===== The records =====
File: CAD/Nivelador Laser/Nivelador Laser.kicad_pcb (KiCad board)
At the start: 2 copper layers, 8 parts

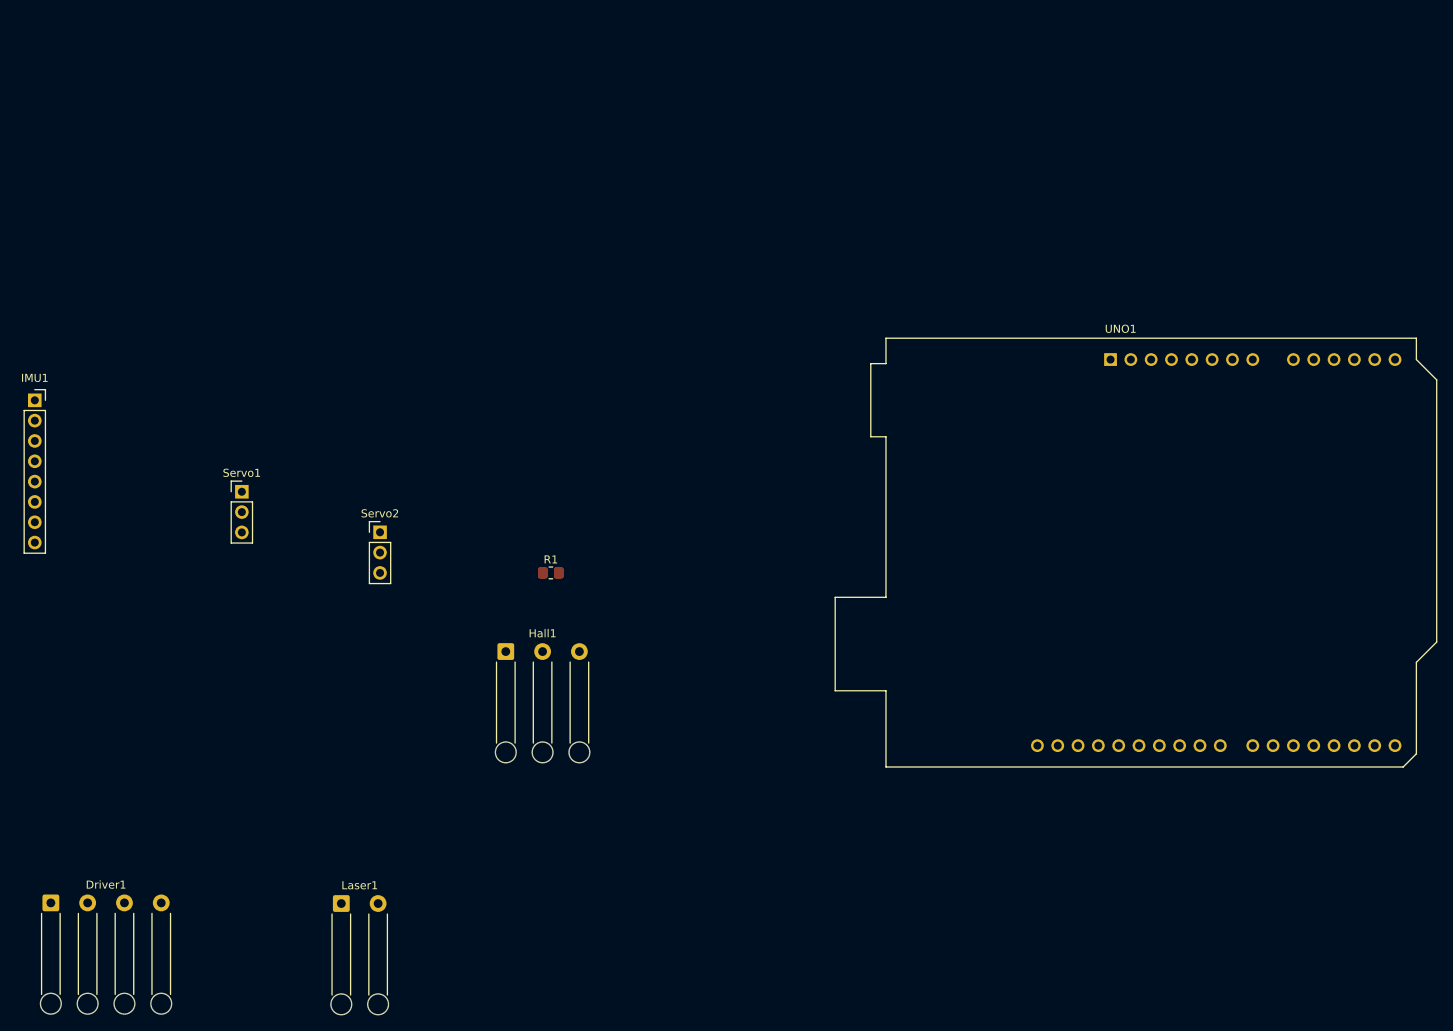
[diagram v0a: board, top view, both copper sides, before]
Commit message: added laser reciever
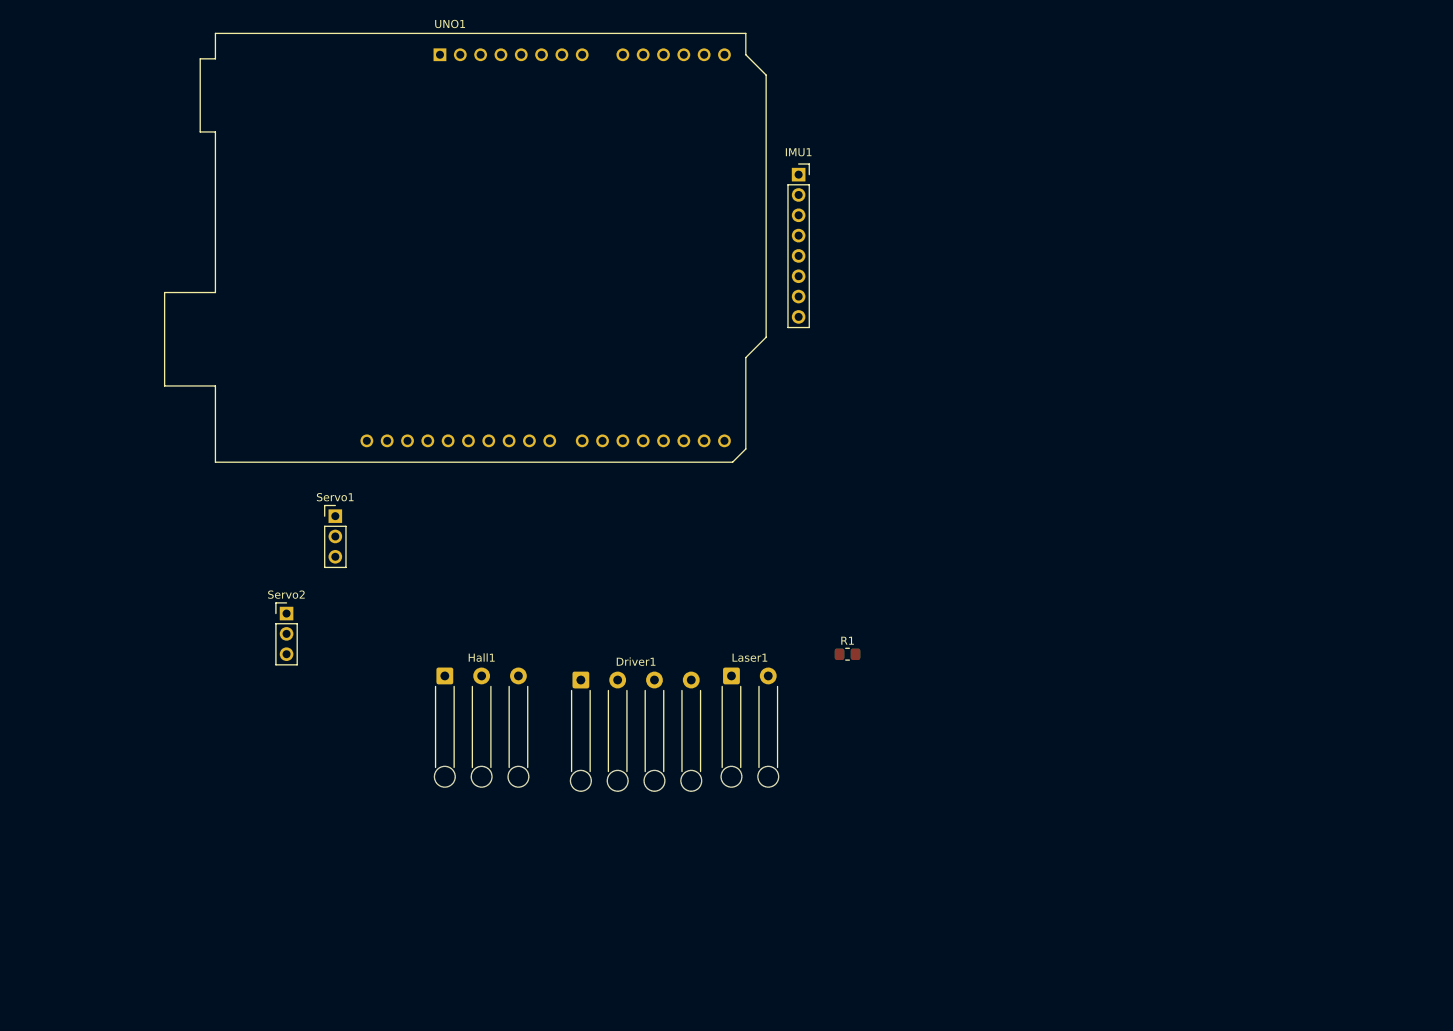
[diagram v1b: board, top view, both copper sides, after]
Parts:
- moved IMU1 99.6 mm to (152.9, 42.2)
- moved UNO1 92.1 mm to (108.1, 27.2)
- moved Driver1 71.9 mm to (125.7, 105.3)
- moved Laser1 56.5 mm to (144.5, 104.8)
- moved R1 38.5 mm to (159.0, 102.1)
- moved Servo2 15.5 mm to (88.9, 97.0)
- moved Servo1 12.1 mm to (95.0, 84.9)
- moved Hall1 8.21 mm to (108.7, 104.8)
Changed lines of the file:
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@@
 	)
 	(setup
+		(stackup
+			(layer "F.SilkS"
+				(type "Top Silk Screen")
+			)
+			(layer "F.Paste"
+				(type "Top Solder Paste")
+			)
+			(layer "F.Mask"
+				(type "Top Solder Mask")
+				(thickness 0.01)
+			)
+			(layer "F.Cu"
+				(type "copper")
+				(thickness 0.035)
+			)
+			(layer "dielectric 1"
+				(type "core")
+				(thickness 1.51)
+				(material "FR4")
+				(epsilon_r 4.5)
+				(loss_tangent 0.02)
+			)
+			(layer "B.Cu"
+				(type "copper")
+				(thickness 0.035)
+			)
+			(layer "B.Mask"
+				(type "Bottom Solder Mask")
+				(thickness 0.01)
+			)
+			(layer "B.Paste"
+				(type "Bottom Solder Paste")
+			)
+			(layer "B.SilkS"
+				(type "Bottom Silk Screen")
+			)
+			(copper_finish "None")
+			(dielectric_constraints no)
+		)
 		(pad_to_mask_clearance 0)
 		(allow_soldermask_bridges_in_footprints no)
@@
 	(footprint "Connector_PinHeader_2.54mm:PinHeader_1x03_P2.54mm_Vertical"
 		(layer "F.Cu")
-		(at 100.584 86.868)
+		(at 88.9 97.028)
 		(descr "Through hole straight pin header, 1x03, 2.54mm pitch, single row")
 		(tags "Through hole pin header THT 1x03 2.54mm single row")
@@
 	(footprint "Connector_Wire:SolderWire-0.5sqmm_1x04_P4.6mm_D0.9mm_OD2.1mm_Relief"
 		(layer "F.Cu")
-		(at 59.436 133.196)
+		(at 125.688 105.335)
 		(descr "Soldered wire connection with feed through strain relief, for 4 times 0.5 mm² wires, basic insulation, conductor diameter 0.9mm, outer diameter 2.1mm, size source Multi-Contact FLEXI-E 0.5 (https://ec.staubli.com/AcroFiles/Catalogues/TM_Cab-Main-11014119_(en)_hi.pdf), bend radius 3 times outer diameter, generated with kicad-footprint-generator")
 		(tags "connector wire 0.5sqmm strain-relief")
@@
 	(footprint "Connector_Wire:SolderWire-0.5sqmm_1x03_P4.6mm_D0.9mm_OD2.1mm_Relief"
 		(layer "F.Cu")
-		(at 116.304 101.779)
+		(at 108.684 104.827)
 		(descr "Soldered wire connection with feed through strain relief, for 3 times 0.5 mm² wires, basic insulation, conductor diameter 0.9mm, outer diameter 2.1mm, size source Multi-Contact FLEXI-E 0.5 (https://ec.staubli.com/AcroFiles/Catalogues/TM_Cab-Main-11014119_(en)_hi.pdf), bend radius 3 times outer diameter, generated with kicad-footprint-generator")
 		(tags "connector wire 0.5sqmm strain-relief")
@@
 	(footprint "Connector_Wire:SolderWire-0.5sqmm_1x02_P4.6mm_D0.9mm_OD2.1mm_Relief"
 		(layer "F.Cu")
-		(at 95.744 133.275)
+		(at 144.512 104.827)
 		(descr "Soldered wire connection with feed through strain relief, for 2 times 0.5 mm² wires, basic insulation, conductor diameter 0.9mm, outer diameter 2.1mm, size source Multi-Contact FLEXI-E 0.5 (https://ec.staubli.com/AcroFiles/Catalogues/TM_Cab-Main-11014119_(en)_hi.pdf), bend radius 3 times outer diameter, generated with kicad-footprint-generator")
 		(tags "connector wire 0.5sqmm strain-relief")
@@
 	(footprint "Module:Arduino_UNO_R3"
 		(layer "F.Cu")
-		(at 191.897 65.278)
+		(at 108.077 27.178)
 		(descr "Arduino UNO R3, http://www.mouser.com/pdfdocs/Gravitech_Arduino_Nano3_0.pdf")
 		(tags "Arduino UNO R3")
@@
 	(footprint "Resistor_SMD:R_0805_2012Metric_Pad1.20x1.40mm_HandSolder"
 		(layer "F.Cu")
-		(at 121.936 91.948)
+		(at 159.02 102.108)
 		(descr "Resistor SMD 0805 (2012 Metric), square (rectangular) end terminal, IPC_7351 nominal with elongated pad for handsoldering. (Body size source: IPC-SM-782 page 72, https://www.pcb-3d.com/wordpress/wp-content/uploads/ipc-sm-782a_amendment_1_and_2.pdf), generated with kicad-footprint-generator")
 		(tags "resistor handsolder")
@@
 	(footprint "Connector_PinSocket_2.54mm:PinSocket_1x08_P2.54mm_Vertical"
 		(layer "F.Cu")
-		(at 57.429 70.373)
+		(at 152.908 42.164)
 		(descr "Through hole straight socket strip, 1x08, 2.54mm pitch, single row (from Kicad 4.0.7), script generated")
 		(tags "Through hole socket strip THT 1x08 2.54mm single row")
@@
 	(footprint "Connector_PinHeader_2.54mm:PinHeader_1x03_P2.54mm_Vertical"
 		(layer "F.Cu")
-		(at 83.312 81.803)
+		(at 94.996 84.851)
 		(descr "Through hole straight pin header, 1x03, 2.54mm pitch, single row")
 		(tags "Through hole pin header THT 1x03 2.54mm single row")

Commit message: changes
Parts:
- moved R1 94.2 mm to (75.0, 59.5)
- moved Driver1 42.6 mm to (166.6, 117.1)
- moved IMU1 37.8 mm to (184.0, 63.6)
- moved UNO1 36.9 mm to (138.3, 48.4)
- moved Laser1 4.82 mm to (140.5, 107.5)
- moved Servo1 4.07 mm to (95.0, 88.9)
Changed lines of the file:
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@@
 	(footprint "Connector_Wire:SolderWire-0.5sqmm_1x04_P4.6mm_D0.9mm_OD2.1mm_Relief"
 		(layer "F.Cu")
-		(at 125.688 105.335)
+		(at 166.6 117.075)
 		(descr "Soldered wire connection with feed through strain relief, for 4 times 0.5 mm² wires, basic insulation, conductor diameter 0.9mm, outer diameter 2.1mm, size source Multi-Contact FLEXI-E 0.5 (https://ec.staubli.com/AcroFiles/Catalogues/TM_Cab-Main-11014119_(en)_hi.pdf), bend radius 3 times outer diameter, generated with kicad-footprint-generator")
 		(tags "connector wire 0.5sqmm strain-relief")
@@
 	(footprint "Connector_Wire:SolderWire-0.5sqmm_1x02_P4.6mm_D0.9mm_OD2.1mm_Relief"
 		(layer "F.Cu")
-		(at 144.512 104.827)
+		(at 140.5 107.5)
 		(descr "Soldered wire connection with feed through strain relief, for 2 times 0.5 mm² wires, basic insulation, conductor diameter 0.9mm, outer diameter 2.1mm, size source Multi-Contact FLEXI-E 0.5 (https://ec.staubli.com/AcroFiles/Catalogues/TM_Cab-Main-11014119_(en)_hi.pdf), bend radius 3 times outer diameter, generated with kicad-footprint-generator")
 		(tags "connector wire 0.5sqmm strain-relief")
@@
 	(footprint "Module:Arduino_UNO_R3"
 		(layer "F.Cu")
-		(at 108.077 27.178)
+		(at 138.325 48.37)
 		(descr "Arduino UNO R3, http://www.mouser.com/pdfdocs/Gravitech_Arduino_Nano3_0.pdf")
 		(tags "Arduino UNO R3")
@@
 			(net 26 "unconnected-(UNO1-IOREF-Pad2)")
 			(pinfunction "IOREF")
-			(pintype "output")
+			(pintype "output+no_connect")
 		)
 		(pad "3" thru_hole oval
@@
 			(net 35 "unconnected-(UNO1-~{RESET}-Pad3)")
 			(pinfunction "~{RESET}")
-			(pintype "input")
+			(pintype "input+no_connect")
 		)
 		(pad "4" thru_hole oval
@@
 			(net 23 "unconnected-(UNO1-3V3-Pad4)")
 			(pinfunction "3V3")
-			(pintype "power_out")
+			(pintype "power_out+no_connect")
 		)
 		(pad "5" thru_hole oval
@@
 			(net 30 "unconnected-(UNO1-VIN-Pad8)")
 			(pinfunction "VIN")
-			(pintype "power_in")
+			(pintype "power_in+no_connect")
 		)
 		(pad "9" thru_hole oval
@@
 			(net 22 "unconnected-(UNO1-A0-Pad9)")
 			(pinfunction "A0")
-			(pintype "bidirectional")
+			(pintype "bidirectional+no_connect")
 		)
 		(pad "10" thru_hole oval
@@
 			(net 15 "unconnected-(UNO1-A1-Pad10)")
 			(pinfunction "A1")
-			(pintype "bidirectional")
+			(pintype "bidirectional+no_connect")
 		)
 		(pad "11" thru_hole oval
@@
 			(net 32 "unconnected-(UNO1-A2-Pad11)")
 			(pinfunction "A2")
-			(pintype "bidirectional")
+			(pintype "bidirectional+no_connect")
 		)
 		(pad "12" thru_hole oval
@@
 			(net 17 "unconnected-(UNO1-A3-Pad12)")
 			(pinfunction "A3")
-			(pintype "bidirectional")
+			(pintype "bidirectional+no_connect")
 		)
 		(pad "13" thru_hole oval
@@
 			(net 33 "unconnected-(UNO1-D0{slash}RX-Pad15)")
 			(pinfunction "D0/RX")
-			(pintype "bidirectional")
+			(pintype "bidirectional+no_connect")
 		)
 		(pad "16" thru_hole oval
@@
 			(net 29 "unconnected-(UNO1-D1{slash}TX-Pad16)")
 			(pinfunction "D1/TX")
-			(pintype "bidirectional")
+			(pintype "bidirectional+no_connect")
 		)
 		(pad "17" thru_hole oval
@@
 			(net 31 "unconnected-(UNO1-D2-Pad17)")
 			(pinfunction "D2")
-			(pintype "bidirectional")
+			(pintype "bidirectional+no_connect")
 		)
 		(pad "18" thru_hole oval
@@
 			(net 19 "unconnected-(UNO1-D3-Pad18)")
 			(pinfunction "D3")
-			(pintype "bidirectional")
+			(pintype "bidirectional+no_connect")
 		)
 		(pad "19" thru_hole oval
@@
 			(net 27 "unconnected-(UNO1-D4-Pad19)")
 			(pinfunction "D4")
-			(pintype "bidirectional")
+			(pintype "bidirectional+no_connect")
 		)
 		(pad "20" thru_hole oval
@@
 			(net 20 "unconnected-(UNO1-D10-Pad25)")
 			(pinfunction "D10")
-			(pintype "bidirectional")
+			(pintype "bidirectional+no_connect")
 		)
 		(pad "26" thru_hole oval
@@
 			(net 21 "unconnected-(UNO1-D11-Pad26)")
 			(pinfunction "D11")
-			(pintype "bidirectional")
+			(pintype "bidirectional+no_connect")
 		)
 		(pad "27" thru_hole oval
@@
 			(net 18 "unconnected-(UNO1-D12-Pad27)")
 			(pinfunction "D12")
-			(pintype "bidirectional")
+			(pintype "bidirectional+no_connect")
 		)
 		(pad "28" thru_hole oval
@@
 			(net 24 "unconnected-(UNO1-D13-Pad28)")
 			(pinfunction "D13")
-			(pintype "bidirectional")
+			(pintype "bidirectional+no_connect")
 		)
 		(pad "29" thru_hole oval
@@
 			(net 28 "unconnected-(UNO1-AREF-Pad30)")
 			(pinfunction "AREF")
-			(pintype "input")
+			(pintype "input+no_connect")
 		)
 		(pad "31" thru_hole oval
@@
 			(net 34 "unconnected-(UNO1-SDA{slash}A4-Pad31)")
 			(pinfunction "SDA/A4")
-			(pintype "bidirectional")
+			(pintype "bidirectional+no_connect")
 		)
 		(pad "32" thru_hole oval
@@
 			(net 16 "unconnected-(UNO1-SCL{slash}A5-Pad32)")
 			(pinfunction "SCL/A5")
-			(pintype "bidirectional")
+			(pintype "bidirectional+no_connect")
 		)
 		(model "${KICAD8_3DMODEL_DIR}/Module.3dshapes/Arduino_UNO_R3.wrl"
@@
 	(footprint "Resistor_SMD:R_0805_2012Metric_Pad1.20x1.40mm_HandSolder"
 		(layer "F.Cu")
-		(at 159.02 102.108)
+		(at 75 59.5)
 		(descr "Resistor SMD 0805 (2012 Metric), square (rectangular) end terminal, IPC_7351 nominal with elongated pad for handsoldering. (Body size source: IPC-SM-782 page 72, https://www.pcb-3d.com/wordpress/wp-content/uploads/ipc-sm-782a_amendment_1_and_2.pdf), generated with kicad-footprint-generator")
 		(tags "resistor handsolder")
@@
 	(footprint "Connector_PinSocket_2.54mm:PinSocket_1x08_P2.54mm_Vertical"
 		(layer "F.Cu")
-		(at 152.908 42.164)
+		(at 184.025 63.625)
 		(descr "Through hole straight socket strip, 1x08, 2.54mm pitch, single row (from Kicad 4.0.7), script generated")
 		(tags "Through hole socket strip THT 1x08 2.54mm single row")
@@
 	(footprint "Connector_PinHeader_2.54mm:PinHeader_1x03_P2.54mm_Vertical"
 		(layer "F.Cu")
-		(at 94.996 84.851)
+		(at 95 88.92)
 		(descr "Through hole straight pin header, 1x03, 2.54mm pitch, single row")
 		(tags "Through hole pin header THT 1x03 2.54mm single row")

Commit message: a
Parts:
- removed Driver1: Motor_Driver, Connector_Wire:SolderWire-0.5sqmm_1x04_P4.6mm_D0.9mm_OD2.1mm_Relief
- removed Hall1: Hall_Sensor, Connector_Wire:SolderWire-0.5sqmm_1x03_P4.6mm_D0.9mm_OD2.1mm_Relief
- removed R1: 10k, Resistor_SMD:R_0805_2012Metric_Pad1.20x1.40mm_HandSolder
- IMU1: footprint Connector_PinSocket_2.54mm:PinSocket_1x08_P2.54mm_Vertical -> Connector_PinSocket_2.54mm:PinSocket_1x04_P2.54mm_Vertical
- Laser1, UNO1: moved to B.Cu
- moved Servo2 96.7 mm to (175.9, 54.9)
- moved Servo1 81.3 mm to (176.1, 83.7)
- moved UNO1 55.1 mm to (166.0, 96.0)
- moved Laser1 44.3 mm to (162.9, 69.3), turned to -90 degrees
- moved IMU1 5.08 mm to (187.2, 67.6)
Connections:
- UNO1 pad 23: /HALL -> unconnected-(UNO1-D8-Pad23)
- UNO1 pad 24: /MTR -> unconnected-(UNO1-D9-Pad24)
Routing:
- net +5V: track 0.00 -> 74.3 mm
- net /SV1: track 0.00 -> 41.2 mm
- net /LSR: track 0.00 -> 36.0 mm
- net /IMU_SCL: track 0.00 -> 31.1 mm
- net /IMU_SDA: track 0.00 -> 27.2 mm
- net /SV2: track 0.00 -> 14.7 mm
- added copper zone on B.Cu, net GND
- added copper zone on F.Cu, net GND
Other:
- board outline added: 54.1 x 57.9 mm
=====
## Exercise requirements
Exactly reproduce the lines that run from the first line of the listing above to the line containing "[diagram v1b: board, top", including both; omit the pictures.

## Task result
File: CAD/Nivelador Laser/Nivelador Laser.kicad_pcb (KiCad board)
At the start: 2 copper layers, 8 parts

[diagram v0a: board, top view, both copper sides, before]
Commit message: added laser reciever
[diagram v1b: board, top view, both copper sides, after]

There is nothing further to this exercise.